La force des représentations issues de l’ethnographie impériale, pas plus que la crainte de laisser à son cours un nouveau génocide, ne rendent cependant entièrement compte de ce problème de qualification. Rappelons à ce stade que, loin d’être une discussion byzantine, celle-ci pèse lourdement sur la nature des réactions internationales et c’est notamment ce statut qui est moralement problématique. Tout se passe comme si une stratégie de terreur faite de massacres, d’expulsions, de destructions de villages et de récoltes, n’était réellement grave que si elle pouvait être rapportée à notre propre représentation du mal absolu, autrement dit le génocide hitlérien. Comme en bien d’autres domaines, cette lecture européocentriste n’a d’autre effet que d’escamoter la complexité du réel au profit de schémas qui lui sont étrangers. Ou plutôt si, elle en a un autre, celui de nous rendre progressivement insensibles à tout ce qui ne serait pas de l’ordre du crime majuscule et qui serait dès lors renvoyé dans la catégorie des faits-divers internationaux. En pratique, si l’on veut bien se souvenir que la paix et la démocratie ne sont pas des produits injectables, les impératifs du moment sont clairs : continuer d’exercer des pressions sur le gouvernement soudanais (condamnation politique, gel des avoirs à l’étranger, jugement des criminels…) pour obtenir le désarmement des miliciens, augmenter l’aide d’urgence et déployer d’importants moyens logistiques, encore scandaleusement insuffisants à l’heure où ces lignes sont écrites. Une intervention armée internationale serait, dans ce contexte, une catastrophe dans la catastrophe. Elle ruinerait la possibilité d’améliorer les secours sans offrir la moindre alternative politique permettant de sortir de la crise et c’est notamment pourquoi il importe d’échapper à cette logique du tout ou rien contenue dans la qualification de génocide.

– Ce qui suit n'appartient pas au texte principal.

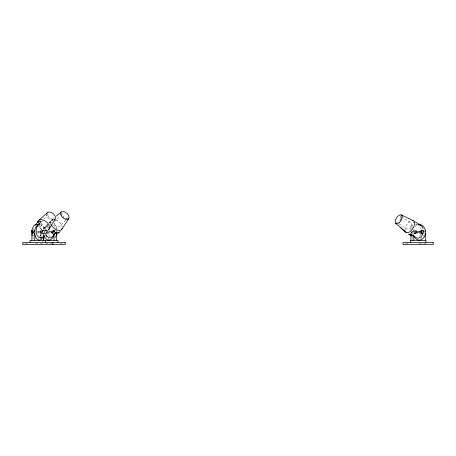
<?xml version="1.0" encoding="UTF-8"?>
<svg xmlns="http://www.w3.org/2000/svg" width="456" height="456" viewBox="0 0 456 456"><rect width="100%" height="100%" fill="white"/><g stroke="black" fill="none" stroke-linecap="round" stroke-linejoin="round"><path stroke-width="0.34" stroke-dasharray="2.28 1.71" d="M44.146 229.186L44.523 228.051M411.152 225.874L411.426 224.158L410.765 222.87L403.098 217.825M399.228 223.976L406.741 228.912C408.661 229.738 410.394 227.669 411.073 226.079M411.044 226.153L411.187 225.783M410.143 230.326L413.632 222.118M411.187 232.851L411.722 231.585M44.602 227.897L47.492 224.472M44.477 228.142L44.654 227.806M44.876 227.47L45.286 226.957M41.45 222.021L48.114 213.978C46.569 215.699 51.425 220.835 53.768 218.549L49.772 223.372M47.994 225.52L46.768 226.911L45.48 227.373M39.518 236.67L41.416 234.378M48.957 222.819L54.891 217.312M46.347 226.324L47.931 224.534M48.991 223.337L50.582 221.548A7.011 4.104 41.6 0 1 52.252 221.382M54.572 221.582L59.685 215.819M52.024 231.374L52.924 230.354L55.056 230.354A9.302 2.633 15.8 0 1 56.219 230.998A9.302 6.789 79.2 0 1 56.265 231.448M55.028 230.354L54.874 230.531A2.679 1.197 -27.3 0 1 54.184 231.169L52.012 231.409L52.161 233.073L53.797 233.101M65.607 220.1L60.027 226.387C57.769 228.217 54.378 225.498 54.144 223.012M55.672 236.373L54.743 237.183M415.69 230.343L414.544 231.238L412.754 231.238A9.302 2.941 -26.8 0 1 413.991 230.343M415.792 233.763L414.601 232.976L413.107 233.113A2.679 0.741 23 0 0 413.951 233.603L415.821 233.757L416.966 232.868L416.926 231.158M41.029 223.622C41.296 225.686 43.314 227.401 45.383 227.379M45.212 227.39L45.657 227.367M49.487 224.489L51.454 224.489M52.953 230.354L54.002 230.998L56.236 231.027M37.01 231.141L39.301 231.141M39.387 231.152L41.177 231.152M48.832 231.141L53.17 231.152M419.195 231.141A0.906 0.73 -90 0 0 418.551 232.497A0.906 0.73 -90 0 0 419.822 232.514A0.906 0.73 -90 0 0 419.195 231.141L415.12 230.987A2.679 0.741 23 0 1 414.236 230.474L415.718 230.343L416.915 231.124M414.333 233.757A6.515 2.058 -26.8 0 1 415.655 232.868L416.978 232.834M36.434 232.959L41 232.948M47.122 232.953L53.004 232.953M415.678 232.953L419.189 232.959M25.114 243.498L27.827 243.498M35.38 243.498L38.099 243.498M40.356 243.498L43.075 243.498M45.725 243.498L48.45 243.498M49.858 243.498L51.876 243.498M60.186 243.498L62.905 243.498M405.549 243.498L408.268 243.498M419.058 243.498L421.777 243.498M423.573 243.498L426.297 243.498M45.064 230.234L47.111 230.24M52.172 233.101L53.027 233.626M416.431 223.953L418.528 225.332M34.154 236.305L33.054 235.114M54.133 223.343L57.228 229.334M50.582 221.548L51.203 222.745M41.57 222.927L44.329 229.414M39.529 224.871L41.735 230.063M54.013 231.027L54.15 232.588M42.322 240.409L42.328 241.743M423.197 235.273L423.197 236.459M413.068 230.531L413.068 233.643M410.947 232.531L410.947 233.198M56.612 230.753L56.612 231.42M53.876 229.938A7.82 5.295 90 0 1 53.99 230.531L53.99 232.531M48.535 225.783A7.82 5.295 -90 0 0 46.301 230.531L46.301 230.753M46.301 237.251L46.301 237.644M40.949 236.459L40.949 230.531A7.82 4.64 90 0 0 38.988 225.783M404.985 229.887A6.886 3.619 -56.7 0 1 411.483 220.641M420.073 233.785A1.818 1.459 -90 0 1 419.047 232.047A1.818 1.459 -90 0 1 420.079 230.314M420.107 232.811A0.906 0.73 -90 0 1 420.09 231.306M415.667 232.834A6.515 3.87 87.3 0 1 415.439 231.158M421.11 229.721A7.176 5.768 -90 0 0 419.89 226.421A1.767 1.425 90 0 0 419.794 226.29M420.575 234.224A7.176 5.768 -90 0 1 418.391 237.126M412.731 233.649A15.441 8.784 30.7 0 1 411.54 231.773M411.409 233.09A15.441 8.784 -30.7 0 1 413.05 230.548M422.119 236.983A7.82 6.287 -90 0 1 419.583 239.48M414.561 239.48A7.82 6.287 -90 0 1 413.609 238.836M412.03 236.983A7.82 6.287 -90 0 1 411.728 236.43M413.199 229.938A7.82 6.287 -90 0 1 413.37 229.345M414.869 226.626A7.82 6.287 -90 0 1 417.685 224.717M411.728 228.188A7.82 6.287 90 0 1 412.748 226.626M415.57 224.717A7.82 6.287 90 0 1 417.075 224.489M34.223 239.183A7.82 4.64 90 0 1 32.496 236.43M40.949 234.093A7.82 4.64 90 0 1 40.373 236.43M38.988 238.836A7.82 4.64 90 0 1 38.646 239.183M40.037 224.591A7.82 4.64 -90 0 1 43.594 229.345M53.067 220.259A5.062 3.312 39.6 0 1 46.626 214.993M46.643 230.793A6.886 4.509 39.6 0 1 45.475 230.833M42.077 229.733A6.886 4.509 39.6 0 1 38.589 226.438M41.023 233.865A1.818 1.077 -90 0 1 40.025 231.756A1.818 1.077 -90 0 1 41.371 230.297M41.057 232.959A0.906 0.541 90 0 1 40.55 232.041A0.906 0.541 90 0 1 41.063 231.141M34.211 235.153A7.176 4.252 90 0 1 34.092 234.88M33.299 230.303A7.176 4.252 90 0 1 33.487 228.559M49.339 239.48A7.82 5.295 90 0 1 48.165 238.437M55.951 236.43A7.82 5.295 90 0 1 54.743 238.437M43.936 229.345A7.82 5.295 90 0 1 47.994 224.591M53.99 230.531A15.441 7.393 36.4 0 1 54.748 231.414M48.444 231.346A0.906 0.616 -90 0 1 49.328 231.505A0.906 0.616 -90 0 1 49.18 232.799A0.906 0.616 -90 0 1 48.313 232.537M53.147 224.899A7.82 5.295 -90 0 1 56.173 228.758M45.634 231.306A15.441 7.393 -36.4 0 1 46.301 230.531M56.413 230.861A15.441 7.393 -36.4 0 1 56.059 231.414M51.009 224.187A6.886 4.03 41.6 0 1 53.603 219.49M55.963 219.986A6.886 4.03 41.6 0 1 62.17 226.877M48.399 232.48A1.818 1.231 -90 0 1 46.791 233.763M46.039 231.443A1.818 1.231 -90 0 1 46.751 230.36M45.024 230.257A1.813 1.368 74 0 1 46.324 231.312M47.698 232.594A0.906 0.616 90 0 1 47.31 232.948M53.859 231.409A6.515 4.754 79.2 0 1 53.842 232.56M49.978 236.596A7.176 4.856 90 0 1 48 232.446M48.062 228.502A7.176 4.856 90 0 1 48.484 227.077M45.229 230.24A7.176 4.856 90 0 1 45.862 227.077A2.645 1.79 90 0 1 46.352 226.341M414.532 231.266L412.743 231.266A9.302 5.523 87.3 0 0 412.885 232.948L414.584 232.948L414.532 231.266M416.385 232.514A0.906 0.73 -90 0 0 415.764 231.141A0.906 0.73 -90 0 0 415.12 232.497A0.906 0.73 -90 0 0 416.385 232.514M417.702 232.514A0.906 0.73 -90 0 0 417.08 231.141A0.906 0.73 -90 0 0 416.436 232.497A0.906 0.73 -90 0 0 417.702 232.514M38.834 231.597A0.906 0.541 90 0 0 39.301 232.959A0.906 0.541 90 0 0 39.769 231.597A0.906 0.541 90 0 0 38.834 231.597M50.924 231.597A0.906 0.616 90 0 0 51.454 232.959A0.906 0.616 90 0 0 51.99 231.597A0.906 0.616 90 0 0 50.924 231.597M52.565 231.574A0.906 0.616 90 0 0 53.067 232.959A0.906 0.616 90 0 0 53.626 231.619A0.906 0.616 90 0 0 52.565 231.574M51.978 232.526A0.906 0.616 -90 0 0 51.471 231.141A0.906 0.616 -90 0 0 50.912 232.48A0.906 0.616 -90 0 0 51.978 232.526"/><path stroke-width="0.68" d="M45.68 242.41L45.685 240.409M57.958 242.41L57.963 240.409L30.05 240.409L30.056 242.41M425.944 242.41L425.95 240.409L410.314 240.409L410.32 242.41M401.035 218.39L401.172 217.022L400.784 216.309M400.624 219.433L400.784 219.079M62.01 213.203L61.851 214.434M55.039 219.245L48.872 229.55M68.725 218.726L61.68 229.419M400.026 220.442L400.243 220.117M35.306 225.07L38.156 221.627A7.011 4.588 39.6 0 1 41.023 221.627L37.227 226.216M32.102 230.519L32.142 230.468A2.679 1.254 -23 0 0 31.726 231.129L31.703 231.317A6.515 5.221 80.6 0 0 32.045 233.033A6.515 2.166 15 0 0 32.148 233.187M42.146 236.96L41.912 237.245A2.645 1.567 -90 0 1 41.359 237.713M43.571 235.239L43.81 234.954M46.974 232.047L47.641 231.243M56.128 235.319L58.778 232.332A7.011 4.104 41.6 0 1 56.156 232.332L51.916 237.109A2.645 1.79 90 0 1 51.3 237.605A7.176 4.856 90 0 1 46.261 235.091M58.756 232.913L60.226 231.255M67.477 218.031L66.878 218.321M38.338 220.698L47.202 212.844M56.396 216.036L61.115 212.057M397.307 222.517L396.919 222.46M66.28 218.333L65.675 218.213M401.212 214.918L413.364 220.704M411.329 235.951L408.53 234.11A7.011 3.682 -56.7 0 0 410.645 234.11L416.248 237.793A2.645 2.126 90 0 0 417.035 238.129A7.176 5.768 90 0 0 423.1 232.913A1.847 1.049 -78.4 0 0 423.077 230.69A1.516 1.117 -21.2 0 0 422.877 230.514M63.84 217.244L63.247 216.72M395.66 223.292L405.652 232.007M400.835 227.823L406.057 232.355M45.646 235.296L45.281 234.806M38.156 221.627L39.256 224.227M418.192 224.591A7.82 6.287 -90 0 1 425.317 230.531L425.317 240.409M413.068 234.487L413.068 240.409M410.947 233.643L410.947 240.409M56.612 232.309L56.612 240.409M53.99 233.865L53.99 240.409M52.936 242.41L52.936 244.593M46.301 235.672L46.301 236.459M43.816 234.88L43.816 240.409M43.679 235.672L43.679 240.409M40.949 237.251L40.949 238.437M34.787 240.409L34.787 230.531A7.82 4.64 -90 0 1 39.301 224.489M31.92 240.409L31.92 230.531A7.82 4.64 90 0 1 38.287 225.139M412.412 220.505A6.886 3.619 -56.7 0 1 412.617 228.923A6.886 3.619 -56.7 0 1 405.099 230.901M421.07 230.377A1.818 1.459 -90 0 1 421.971 232.047A1.818 1.459 -90 0 1 421.082 233.723M423.048 232.902A1.847 1.049 -78.4 0 1 421.726 233.877A1.516 0.598 56 0 1 421.538 233.757M422.427 230.269A1.784 1.351 -62.9 0 1 422.815 230.44M421.27 233.147A1.813 1.3 74 0 1 420.951 230.992A1.813 1.3 74 0 1 422.41 230.377M421.441 233.677A1.784 1.14 80.9 0 1 421.11 233.347M420.66 231.163A0.906 0.73 -90 0 1 420.649 232.942M414.778 221.912A7.011 3.682 -56.7 0 1 415.747 222.118L421.344 225.794A2.645 2.126 90 0 1 422.017 226.415A7.176 5.768 90 0 1 423.031 228.747M411.09 233.757A15.441 8.784 -30.7 0 0 410.947 234.093A7.82 6.287 -90 0 0 411.472 235.86M413.37 235.279A7.82 6.287 90 0 0 419.691 240.107A7.82 6.287 90 0 0 425.317 234.093A15.441 8.784 30.7 0 0 425.009 233.404M423.367 230.747A15.441 8.784 30.7 0 1 424.143 231.865M425.317 230.531A15.441 8.784 -30.7 0 1 425.02 231.192M419.583 225.139A7.82 6.287 90 0 1 420.073 225.435M31.937 230.548A15.441 6.475 38.8 0 0 34.787 234.093A7.82 4.64 -90 0 0 38.743 240.073A7.82 4.64 -90 0 0 43.434 235.86M34.77 230.548A15.441 6.475 -38.8 0 0 31.92 234.093A7.82 4.64 90 0 0 32.302 235.86M46.615 214.177A5.062 3.312 39.6 0 1 52.822 213.345A5.062 3.312 39.6 0 1 54.315 219.895M37.546 222.22A6.886 4.509 39.6 0 1 46.324 221.736A6.886 4.509 39.6 0 1 47.663 230.497M41.963 230.992A1.818 1.077 -90 0 1 41.713 233.529M42.334 230.85A1.847 1.453 -70.5 0 0 41.884 233.119A1.847 1.453 -70.5 0 0 43.582 233.791A1.516 1.214 33.2 0 0 43.833 233.592M44.221 233.147A1.784 1.402 78.9 0 1 43.924 233.54M43.069 230.611A1.813 0.872 -77.8 0 1 44.164 230.685A1.813 0.872 -77.8 0 1 44.01 232.879M42.653 230.542A1.784 1.015 -71.5 0 1 43.006 230.297M42.368 230.833A1.516 0.336 -54.4 0 1 42.613 230.565M41.359 237.701A7.176 4.252 -90 0 1 36.959 234.88A7.176 4.252 -90 0 1 36.793 226.951A2.645 1.567 90 0 1 37.232 226.233M43.936 235.279A7.82 5.295 90 0 0 49.254 240.107A7.82 5.295 90 0 0 53.99 234.093A15.441 7.393 -36.4 0 0 55.102 232.754M55.438 232.309A15.441 7.393 36.4 0 1 56.612 234.093A7.82 5.295 90 0 1 56.173 235.86M46.74 235.86A7.82 5.295 90 0 1 46.558 235.279M62.181 228.245A6.886 4.03 41.6 0 1 57.513 230.16A6.886 4.03 41.6 0 1 51.363 224.962M45.76 233.791A1.847 0.787 76.3 0 1 45.053 233.694M46.13 233.056A1.784 0.792 -82.9 0 1 45.925 233.455M46.546 232.184A1.813 1.368 74 0 1 46.301 233.25M65.214 242.41L22.8 242.41L22.8 244.593L65.214 244.593L65.214 242.41M433.2 242.41L403.064 242.41L403.064 244.593L433.2 244.593L433.2 242.41M399.165 222.745A5.062 2.662 -56.7 0 0 401.548 215.101A5.062 2.662 -56.7 0 0 395.432 220.037A5.062 2.662 -56.7 0 0 399.165 222.745M61.212 215.677A5.062 2.964 41.6 0 0 68.599 218.874A5.062 2.964 41.6 0 0 64.695 211.909A5.062 2.964 41.6 0 0 61.212 215.677"/></g></svg>

Reste que, sur un plan juridique, la jurisprudence Srebrenica rend tenable cette accusation. Si ce massacre perpétré en 1995 fut un « acte de génocide », comme l’a affirmé récemment le Tribunal pénal international pour l’ex-Yougoslavie, il doit en aller de même pour le Darfour. Mais c’est la mollesse de la notion, et non la force du droit, qui s’illustre ici. De la Birmanie à la Tchétchénie et du Libéria à l’Angola, combien de tueries et de violences politiques pourraient être qualifiées de « génocides » ? Quasiment toutes, depuis cette interprétation plus que contestable faite par le TPI. La justice n’a rien à gagner à ce maximalisme, et il faut souhaiter que la Cour pénale internationale sache y résister dans l’avenir. On l’aidera, en faisant du jugement politique autre chose qu’une condamnation morale et/ou un verdict juridique.